____ Records for processing

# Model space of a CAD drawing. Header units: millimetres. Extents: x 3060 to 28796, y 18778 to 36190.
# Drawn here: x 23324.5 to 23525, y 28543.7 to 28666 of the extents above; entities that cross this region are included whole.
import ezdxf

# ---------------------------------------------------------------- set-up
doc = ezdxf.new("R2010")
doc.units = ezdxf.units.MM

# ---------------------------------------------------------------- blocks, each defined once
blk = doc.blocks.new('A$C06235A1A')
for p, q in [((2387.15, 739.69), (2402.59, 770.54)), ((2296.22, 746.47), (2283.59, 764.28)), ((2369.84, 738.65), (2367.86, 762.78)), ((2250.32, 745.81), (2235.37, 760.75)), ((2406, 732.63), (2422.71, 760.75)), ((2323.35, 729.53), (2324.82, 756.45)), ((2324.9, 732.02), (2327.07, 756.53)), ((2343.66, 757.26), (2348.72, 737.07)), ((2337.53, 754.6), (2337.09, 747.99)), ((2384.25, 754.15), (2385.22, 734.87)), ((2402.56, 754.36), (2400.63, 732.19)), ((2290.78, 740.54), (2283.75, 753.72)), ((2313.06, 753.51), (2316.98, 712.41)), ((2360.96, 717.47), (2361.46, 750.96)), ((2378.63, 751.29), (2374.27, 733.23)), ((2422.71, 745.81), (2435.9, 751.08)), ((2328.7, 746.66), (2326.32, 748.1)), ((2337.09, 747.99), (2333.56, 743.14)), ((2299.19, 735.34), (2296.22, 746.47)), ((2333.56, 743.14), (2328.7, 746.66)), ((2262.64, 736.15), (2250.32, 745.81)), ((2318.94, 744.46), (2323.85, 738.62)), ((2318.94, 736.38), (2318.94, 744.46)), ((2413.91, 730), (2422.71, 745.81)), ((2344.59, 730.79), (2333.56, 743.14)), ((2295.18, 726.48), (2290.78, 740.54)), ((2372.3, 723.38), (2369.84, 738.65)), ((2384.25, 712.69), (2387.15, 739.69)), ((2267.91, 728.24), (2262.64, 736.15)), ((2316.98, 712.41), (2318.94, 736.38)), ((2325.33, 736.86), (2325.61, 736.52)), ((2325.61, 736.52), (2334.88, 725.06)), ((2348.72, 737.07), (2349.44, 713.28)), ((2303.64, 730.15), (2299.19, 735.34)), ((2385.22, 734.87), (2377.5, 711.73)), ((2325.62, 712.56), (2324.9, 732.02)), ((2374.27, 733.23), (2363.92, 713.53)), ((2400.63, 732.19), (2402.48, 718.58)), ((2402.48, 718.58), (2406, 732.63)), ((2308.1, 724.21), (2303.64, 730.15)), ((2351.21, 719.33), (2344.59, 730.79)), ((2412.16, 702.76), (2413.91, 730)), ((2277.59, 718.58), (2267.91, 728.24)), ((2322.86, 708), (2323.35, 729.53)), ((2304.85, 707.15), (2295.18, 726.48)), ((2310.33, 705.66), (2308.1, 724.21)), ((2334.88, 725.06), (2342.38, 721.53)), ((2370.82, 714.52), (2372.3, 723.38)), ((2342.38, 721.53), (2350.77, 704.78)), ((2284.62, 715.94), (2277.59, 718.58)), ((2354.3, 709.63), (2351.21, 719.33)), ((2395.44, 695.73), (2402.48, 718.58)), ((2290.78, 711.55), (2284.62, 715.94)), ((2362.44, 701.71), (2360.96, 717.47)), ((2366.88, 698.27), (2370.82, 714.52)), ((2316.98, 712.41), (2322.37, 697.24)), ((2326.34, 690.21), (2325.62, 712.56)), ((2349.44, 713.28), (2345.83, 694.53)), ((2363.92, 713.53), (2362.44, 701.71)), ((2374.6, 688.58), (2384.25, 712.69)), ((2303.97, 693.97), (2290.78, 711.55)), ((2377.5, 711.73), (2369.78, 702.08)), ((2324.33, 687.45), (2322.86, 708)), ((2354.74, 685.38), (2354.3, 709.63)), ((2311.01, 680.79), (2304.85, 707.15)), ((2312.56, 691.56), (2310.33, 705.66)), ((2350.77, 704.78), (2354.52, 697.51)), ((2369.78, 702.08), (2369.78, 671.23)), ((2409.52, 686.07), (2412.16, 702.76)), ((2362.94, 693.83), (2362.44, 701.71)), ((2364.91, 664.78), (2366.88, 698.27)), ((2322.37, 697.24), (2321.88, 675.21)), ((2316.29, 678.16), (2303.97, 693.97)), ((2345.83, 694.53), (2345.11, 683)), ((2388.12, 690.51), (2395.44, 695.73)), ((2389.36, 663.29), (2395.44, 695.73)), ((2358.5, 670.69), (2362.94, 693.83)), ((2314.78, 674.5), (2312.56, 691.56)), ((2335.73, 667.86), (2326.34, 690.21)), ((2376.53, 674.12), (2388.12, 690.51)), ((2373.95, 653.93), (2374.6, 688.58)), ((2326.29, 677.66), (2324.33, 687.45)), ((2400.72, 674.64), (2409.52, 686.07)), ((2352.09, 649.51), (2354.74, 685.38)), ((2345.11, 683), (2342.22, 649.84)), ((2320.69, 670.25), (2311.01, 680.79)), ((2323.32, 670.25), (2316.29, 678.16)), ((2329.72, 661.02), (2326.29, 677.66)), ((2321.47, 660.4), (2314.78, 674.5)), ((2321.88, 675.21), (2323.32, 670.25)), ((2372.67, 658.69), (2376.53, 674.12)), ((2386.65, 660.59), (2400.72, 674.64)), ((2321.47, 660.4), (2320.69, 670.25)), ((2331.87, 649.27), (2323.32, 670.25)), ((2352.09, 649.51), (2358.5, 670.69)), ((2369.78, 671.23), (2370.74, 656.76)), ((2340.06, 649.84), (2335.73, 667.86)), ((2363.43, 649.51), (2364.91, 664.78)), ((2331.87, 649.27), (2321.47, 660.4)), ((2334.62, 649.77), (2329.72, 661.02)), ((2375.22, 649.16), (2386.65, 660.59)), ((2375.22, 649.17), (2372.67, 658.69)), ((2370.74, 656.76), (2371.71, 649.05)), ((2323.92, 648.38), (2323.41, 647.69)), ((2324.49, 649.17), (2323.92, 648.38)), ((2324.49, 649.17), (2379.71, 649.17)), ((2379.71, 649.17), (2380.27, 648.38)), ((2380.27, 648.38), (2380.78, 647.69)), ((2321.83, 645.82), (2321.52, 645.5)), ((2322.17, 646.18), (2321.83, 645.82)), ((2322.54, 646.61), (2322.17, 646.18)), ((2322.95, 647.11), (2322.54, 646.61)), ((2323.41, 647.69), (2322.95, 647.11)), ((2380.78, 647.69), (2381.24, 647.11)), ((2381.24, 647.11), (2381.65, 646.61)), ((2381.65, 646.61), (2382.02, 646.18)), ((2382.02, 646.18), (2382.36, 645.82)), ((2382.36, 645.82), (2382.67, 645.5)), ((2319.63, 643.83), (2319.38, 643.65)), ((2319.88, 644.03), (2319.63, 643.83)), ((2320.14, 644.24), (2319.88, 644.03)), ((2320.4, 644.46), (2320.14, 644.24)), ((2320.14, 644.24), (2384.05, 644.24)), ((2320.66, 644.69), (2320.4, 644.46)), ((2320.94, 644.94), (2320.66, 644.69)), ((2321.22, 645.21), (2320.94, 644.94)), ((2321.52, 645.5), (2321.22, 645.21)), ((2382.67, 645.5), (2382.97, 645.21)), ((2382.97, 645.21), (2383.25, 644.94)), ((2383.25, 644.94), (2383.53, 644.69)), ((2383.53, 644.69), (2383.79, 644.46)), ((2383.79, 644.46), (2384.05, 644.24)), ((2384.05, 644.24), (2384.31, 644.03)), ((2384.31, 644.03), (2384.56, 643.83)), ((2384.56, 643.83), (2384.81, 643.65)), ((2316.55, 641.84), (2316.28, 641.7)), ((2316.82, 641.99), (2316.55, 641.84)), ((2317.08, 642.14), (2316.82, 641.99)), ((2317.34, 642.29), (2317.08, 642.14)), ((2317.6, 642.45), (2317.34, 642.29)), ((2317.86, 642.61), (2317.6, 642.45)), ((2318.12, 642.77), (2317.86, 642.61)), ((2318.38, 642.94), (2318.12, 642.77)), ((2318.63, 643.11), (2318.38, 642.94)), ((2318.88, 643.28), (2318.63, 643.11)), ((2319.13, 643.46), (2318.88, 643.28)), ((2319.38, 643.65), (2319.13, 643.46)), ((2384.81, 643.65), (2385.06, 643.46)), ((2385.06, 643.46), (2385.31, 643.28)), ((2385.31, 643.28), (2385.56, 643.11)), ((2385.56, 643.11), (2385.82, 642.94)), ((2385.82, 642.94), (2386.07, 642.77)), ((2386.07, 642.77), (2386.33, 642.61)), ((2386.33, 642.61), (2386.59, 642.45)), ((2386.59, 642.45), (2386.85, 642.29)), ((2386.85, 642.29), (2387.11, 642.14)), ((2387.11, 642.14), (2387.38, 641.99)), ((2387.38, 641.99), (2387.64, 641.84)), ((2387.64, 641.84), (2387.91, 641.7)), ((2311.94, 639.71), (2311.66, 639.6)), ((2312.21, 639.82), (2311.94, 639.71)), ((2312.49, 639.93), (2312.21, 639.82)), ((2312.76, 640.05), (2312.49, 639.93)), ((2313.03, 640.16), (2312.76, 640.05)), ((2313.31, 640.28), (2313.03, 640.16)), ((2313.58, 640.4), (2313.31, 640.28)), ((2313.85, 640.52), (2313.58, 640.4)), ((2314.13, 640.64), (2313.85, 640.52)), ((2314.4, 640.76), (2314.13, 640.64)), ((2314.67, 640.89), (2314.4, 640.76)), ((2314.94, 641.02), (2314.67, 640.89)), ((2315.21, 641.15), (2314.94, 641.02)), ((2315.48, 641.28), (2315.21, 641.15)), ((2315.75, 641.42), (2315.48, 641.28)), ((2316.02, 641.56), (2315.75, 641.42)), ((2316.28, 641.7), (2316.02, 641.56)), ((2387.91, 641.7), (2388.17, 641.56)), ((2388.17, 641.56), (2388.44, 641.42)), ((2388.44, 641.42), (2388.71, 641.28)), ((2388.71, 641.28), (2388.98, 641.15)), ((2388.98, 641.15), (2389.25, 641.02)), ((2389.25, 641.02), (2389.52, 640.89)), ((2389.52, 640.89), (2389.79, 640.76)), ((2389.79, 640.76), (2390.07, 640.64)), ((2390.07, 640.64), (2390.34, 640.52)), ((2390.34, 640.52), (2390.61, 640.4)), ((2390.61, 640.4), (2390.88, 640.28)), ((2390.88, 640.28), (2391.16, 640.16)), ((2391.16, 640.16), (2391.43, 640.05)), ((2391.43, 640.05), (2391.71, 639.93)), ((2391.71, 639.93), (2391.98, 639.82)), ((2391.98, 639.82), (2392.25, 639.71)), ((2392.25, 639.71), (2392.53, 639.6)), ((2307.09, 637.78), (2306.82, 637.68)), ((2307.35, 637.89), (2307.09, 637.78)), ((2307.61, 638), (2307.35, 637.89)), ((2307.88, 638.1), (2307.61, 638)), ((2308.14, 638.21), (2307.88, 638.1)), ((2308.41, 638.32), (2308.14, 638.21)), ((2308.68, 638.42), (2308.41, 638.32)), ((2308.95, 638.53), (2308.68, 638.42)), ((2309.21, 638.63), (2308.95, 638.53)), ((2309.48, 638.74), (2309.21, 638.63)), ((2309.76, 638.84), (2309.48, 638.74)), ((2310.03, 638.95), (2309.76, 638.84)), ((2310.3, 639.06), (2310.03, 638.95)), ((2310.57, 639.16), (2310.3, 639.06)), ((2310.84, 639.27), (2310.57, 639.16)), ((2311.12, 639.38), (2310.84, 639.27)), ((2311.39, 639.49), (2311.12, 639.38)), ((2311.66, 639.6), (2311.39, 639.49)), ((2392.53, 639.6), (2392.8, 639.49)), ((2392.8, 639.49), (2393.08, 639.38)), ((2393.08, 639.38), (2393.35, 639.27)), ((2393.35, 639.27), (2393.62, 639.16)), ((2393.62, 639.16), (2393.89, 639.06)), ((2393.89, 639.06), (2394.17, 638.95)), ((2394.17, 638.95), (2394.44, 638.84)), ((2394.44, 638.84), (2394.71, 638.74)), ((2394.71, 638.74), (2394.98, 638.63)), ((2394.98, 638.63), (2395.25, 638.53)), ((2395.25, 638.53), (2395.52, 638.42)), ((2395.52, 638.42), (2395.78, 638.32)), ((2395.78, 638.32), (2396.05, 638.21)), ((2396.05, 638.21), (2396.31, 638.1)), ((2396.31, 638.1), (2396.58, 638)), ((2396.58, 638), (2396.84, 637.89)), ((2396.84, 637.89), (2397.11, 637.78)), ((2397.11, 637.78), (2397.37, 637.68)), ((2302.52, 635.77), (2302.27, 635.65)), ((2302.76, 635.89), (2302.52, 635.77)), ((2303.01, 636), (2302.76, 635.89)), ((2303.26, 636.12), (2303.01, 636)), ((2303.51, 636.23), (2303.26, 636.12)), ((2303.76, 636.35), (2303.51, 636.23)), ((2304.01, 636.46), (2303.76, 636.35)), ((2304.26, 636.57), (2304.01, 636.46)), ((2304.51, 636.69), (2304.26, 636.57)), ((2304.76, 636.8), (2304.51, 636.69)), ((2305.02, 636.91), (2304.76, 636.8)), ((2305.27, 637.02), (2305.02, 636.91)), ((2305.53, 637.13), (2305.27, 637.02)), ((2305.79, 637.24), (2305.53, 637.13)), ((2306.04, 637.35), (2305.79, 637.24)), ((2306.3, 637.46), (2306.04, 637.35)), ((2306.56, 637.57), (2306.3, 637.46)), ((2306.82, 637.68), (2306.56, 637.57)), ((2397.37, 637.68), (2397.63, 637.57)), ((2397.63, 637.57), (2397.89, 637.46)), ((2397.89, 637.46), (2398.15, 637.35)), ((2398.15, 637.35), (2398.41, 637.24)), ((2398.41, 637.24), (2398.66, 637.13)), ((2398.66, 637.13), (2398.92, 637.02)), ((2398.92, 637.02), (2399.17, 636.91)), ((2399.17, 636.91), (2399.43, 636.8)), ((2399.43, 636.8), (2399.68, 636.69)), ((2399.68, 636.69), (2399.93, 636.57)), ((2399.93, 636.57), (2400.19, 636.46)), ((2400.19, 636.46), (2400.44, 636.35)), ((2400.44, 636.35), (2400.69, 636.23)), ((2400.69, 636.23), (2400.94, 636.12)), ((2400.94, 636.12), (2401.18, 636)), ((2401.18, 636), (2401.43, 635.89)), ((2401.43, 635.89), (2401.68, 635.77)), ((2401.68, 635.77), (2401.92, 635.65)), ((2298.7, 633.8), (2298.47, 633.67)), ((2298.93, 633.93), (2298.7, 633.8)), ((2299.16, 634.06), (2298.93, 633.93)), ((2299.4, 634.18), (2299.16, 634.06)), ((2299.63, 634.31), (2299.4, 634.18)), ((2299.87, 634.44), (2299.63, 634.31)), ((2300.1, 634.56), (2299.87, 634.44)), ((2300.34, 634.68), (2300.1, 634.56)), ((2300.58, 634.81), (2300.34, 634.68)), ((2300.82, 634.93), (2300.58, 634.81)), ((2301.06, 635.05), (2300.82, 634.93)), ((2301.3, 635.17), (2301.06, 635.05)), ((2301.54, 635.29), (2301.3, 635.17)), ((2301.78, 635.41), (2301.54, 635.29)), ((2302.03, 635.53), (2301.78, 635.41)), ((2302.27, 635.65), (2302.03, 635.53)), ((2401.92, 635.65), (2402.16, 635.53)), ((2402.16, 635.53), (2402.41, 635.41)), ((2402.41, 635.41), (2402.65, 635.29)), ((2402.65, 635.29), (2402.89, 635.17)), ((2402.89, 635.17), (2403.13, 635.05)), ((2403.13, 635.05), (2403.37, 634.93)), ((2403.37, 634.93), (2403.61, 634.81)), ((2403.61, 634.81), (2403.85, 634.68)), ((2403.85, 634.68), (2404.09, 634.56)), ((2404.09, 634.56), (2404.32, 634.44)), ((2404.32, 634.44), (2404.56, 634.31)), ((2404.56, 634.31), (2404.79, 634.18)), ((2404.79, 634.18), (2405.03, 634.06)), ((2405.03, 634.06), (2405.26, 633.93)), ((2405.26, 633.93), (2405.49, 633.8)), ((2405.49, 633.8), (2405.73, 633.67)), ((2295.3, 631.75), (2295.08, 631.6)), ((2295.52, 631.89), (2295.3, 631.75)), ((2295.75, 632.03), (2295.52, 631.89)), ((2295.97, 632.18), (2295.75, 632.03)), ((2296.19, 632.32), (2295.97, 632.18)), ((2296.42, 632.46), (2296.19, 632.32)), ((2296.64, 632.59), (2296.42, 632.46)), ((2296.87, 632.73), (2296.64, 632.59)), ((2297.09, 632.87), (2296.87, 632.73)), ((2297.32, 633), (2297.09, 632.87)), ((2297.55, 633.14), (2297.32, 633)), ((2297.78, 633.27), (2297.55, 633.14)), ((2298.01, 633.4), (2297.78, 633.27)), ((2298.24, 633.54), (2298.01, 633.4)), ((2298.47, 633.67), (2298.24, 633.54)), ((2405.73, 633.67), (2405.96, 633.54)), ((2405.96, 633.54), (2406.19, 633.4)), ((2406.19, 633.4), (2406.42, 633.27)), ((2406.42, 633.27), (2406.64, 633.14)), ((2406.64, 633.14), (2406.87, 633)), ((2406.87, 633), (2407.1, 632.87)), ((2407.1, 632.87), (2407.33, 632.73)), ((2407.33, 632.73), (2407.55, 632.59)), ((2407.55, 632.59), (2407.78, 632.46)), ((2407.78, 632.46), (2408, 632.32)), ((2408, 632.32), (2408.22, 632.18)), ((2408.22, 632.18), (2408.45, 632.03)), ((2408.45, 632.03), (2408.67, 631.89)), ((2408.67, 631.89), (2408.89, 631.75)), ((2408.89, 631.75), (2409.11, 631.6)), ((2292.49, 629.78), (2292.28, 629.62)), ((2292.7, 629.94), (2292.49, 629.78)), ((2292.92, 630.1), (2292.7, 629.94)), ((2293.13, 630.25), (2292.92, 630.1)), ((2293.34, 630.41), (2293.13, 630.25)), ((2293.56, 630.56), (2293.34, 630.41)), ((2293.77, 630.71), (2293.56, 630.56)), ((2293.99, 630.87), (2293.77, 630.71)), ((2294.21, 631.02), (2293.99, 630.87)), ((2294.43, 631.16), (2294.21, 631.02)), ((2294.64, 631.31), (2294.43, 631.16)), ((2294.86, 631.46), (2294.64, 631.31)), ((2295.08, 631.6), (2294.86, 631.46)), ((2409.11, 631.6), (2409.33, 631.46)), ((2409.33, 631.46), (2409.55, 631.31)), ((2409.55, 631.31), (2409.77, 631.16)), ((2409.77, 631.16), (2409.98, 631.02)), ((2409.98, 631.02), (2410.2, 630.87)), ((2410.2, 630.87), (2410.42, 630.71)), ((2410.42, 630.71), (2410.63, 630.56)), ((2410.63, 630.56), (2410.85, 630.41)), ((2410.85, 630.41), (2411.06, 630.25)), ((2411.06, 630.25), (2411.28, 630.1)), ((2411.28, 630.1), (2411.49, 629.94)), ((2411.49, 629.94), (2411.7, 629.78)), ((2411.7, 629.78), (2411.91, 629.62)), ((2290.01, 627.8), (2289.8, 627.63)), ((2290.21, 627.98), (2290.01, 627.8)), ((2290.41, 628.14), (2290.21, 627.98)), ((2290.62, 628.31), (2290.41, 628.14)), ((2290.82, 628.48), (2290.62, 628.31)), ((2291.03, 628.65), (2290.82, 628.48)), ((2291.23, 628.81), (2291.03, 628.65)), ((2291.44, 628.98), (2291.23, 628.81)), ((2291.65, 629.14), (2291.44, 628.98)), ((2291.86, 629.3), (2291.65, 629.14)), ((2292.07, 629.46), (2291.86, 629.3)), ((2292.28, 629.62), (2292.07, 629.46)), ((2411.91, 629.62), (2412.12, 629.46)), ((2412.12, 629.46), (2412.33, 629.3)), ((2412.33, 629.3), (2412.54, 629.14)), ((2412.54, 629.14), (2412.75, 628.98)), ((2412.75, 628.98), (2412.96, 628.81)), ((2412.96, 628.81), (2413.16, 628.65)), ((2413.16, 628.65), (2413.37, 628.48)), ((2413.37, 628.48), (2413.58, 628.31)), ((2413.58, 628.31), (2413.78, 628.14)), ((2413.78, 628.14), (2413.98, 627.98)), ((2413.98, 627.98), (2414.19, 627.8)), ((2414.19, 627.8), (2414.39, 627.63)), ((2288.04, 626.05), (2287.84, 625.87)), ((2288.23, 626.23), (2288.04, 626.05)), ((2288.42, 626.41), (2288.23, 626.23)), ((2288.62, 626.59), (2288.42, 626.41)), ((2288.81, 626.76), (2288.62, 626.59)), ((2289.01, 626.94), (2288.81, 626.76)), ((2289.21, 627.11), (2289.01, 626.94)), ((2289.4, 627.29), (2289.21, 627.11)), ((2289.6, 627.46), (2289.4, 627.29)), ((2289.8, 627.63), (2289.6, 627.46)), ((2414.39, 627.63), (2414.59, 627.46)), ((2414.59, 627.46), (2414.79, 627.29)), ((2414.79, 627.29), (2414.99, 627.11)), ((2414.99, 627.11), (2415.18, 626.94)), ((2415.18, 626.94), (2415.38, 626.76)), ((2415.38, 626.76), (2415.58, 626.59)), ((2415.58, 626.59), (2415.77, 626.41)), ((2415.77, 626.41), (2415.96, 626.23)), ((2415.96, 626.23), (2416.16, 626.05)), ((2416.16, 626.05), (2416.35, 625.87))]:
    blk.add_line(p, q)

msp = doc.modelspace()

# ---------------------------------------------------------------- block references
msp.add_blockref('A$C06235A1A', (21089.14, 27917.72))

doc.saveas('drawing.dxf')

________

§ **Task item**: Write out exactly the final stretch of the records: the line containing "msp = doc.modelspace()" and every line after it, through the last, and nothing else.

§ **The answer**:
msp = doc.modelspace()

# ---------------------------------------------------------------- block references
msp.add_blockref('A$C06235A1A', (21089.14, 27917.72))

doc.saveas('drawing.dxf')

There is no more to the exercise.